ENTRIES SUPPLIED section start

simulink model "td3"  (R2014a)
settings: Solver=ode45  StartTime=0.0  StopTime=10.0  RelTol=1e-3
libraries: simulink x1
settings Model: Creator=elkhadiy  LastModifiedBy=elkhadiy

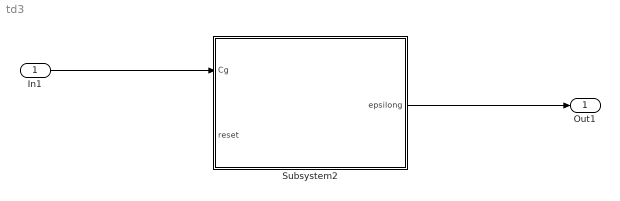
== system td3 ==
  In1 : Inport
  Subsystem2 : Subsystem
  Out1 : Outport
  wires:
  In1/1 -> Subsystem2/1(Cg)
  Subsystem2/1(epsilong) -> Out1/1

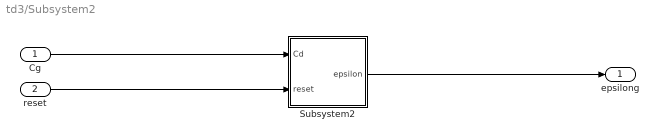
== system td3/Subsystem2 ==
  Cg : Inport
  reset : Inport  Port=2
  Subsystem2 : Subsystem
  epsilong : Outport
  wires:
  Cg/1 -> Subsystem2/1(Cd)
  Subsystem2/1(epsilon) -> epsilong/1
  reset/1 -> Subsystem2/2(reset)

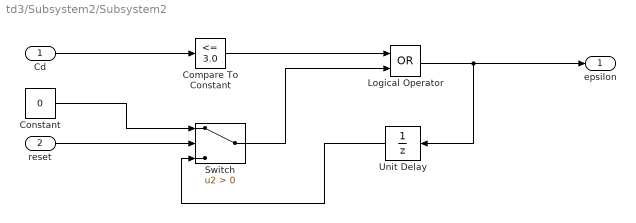
== system td3/Subsystem2/Subsystem2 ==
  Cd : Inport
  reset : Inport  Port=2
  Compare To Constant : simulink/Logic and Bit Operations/Compare To Constant  relop=<=  const=3.0  OutDataTypeStr=boolean
  Constant : Constant  Value=0
  Logical Operator : Logic  Operator=OR  AllPortsSameDT=off  OutDataTypeStr=boolean
  Switch : Switch  Criteria=u2 > Threshold
  Unit Delay : UnitDelay  SampleTime=-1
  epsilon : Outport
  wires:
  Unit Delay/1 -> Switch/3
  Compare To Constant/1 -> Logical Operator/1
  Cd/1 -> Compare To Constant/1
  Logical Operator/1 -> epsilon/1, Unit Delay/1
  Switch/1 -> Logical Operator/2
  reset/1 -> Switch/2
  Constant/1 -> Switch/1

ENTRIES SUPPLIED section end

TASK TO CARRY OUT: From the material given, work out how many lines hold the string "settings"; state that number and nothing further.

FINISHED EXERCISE: 2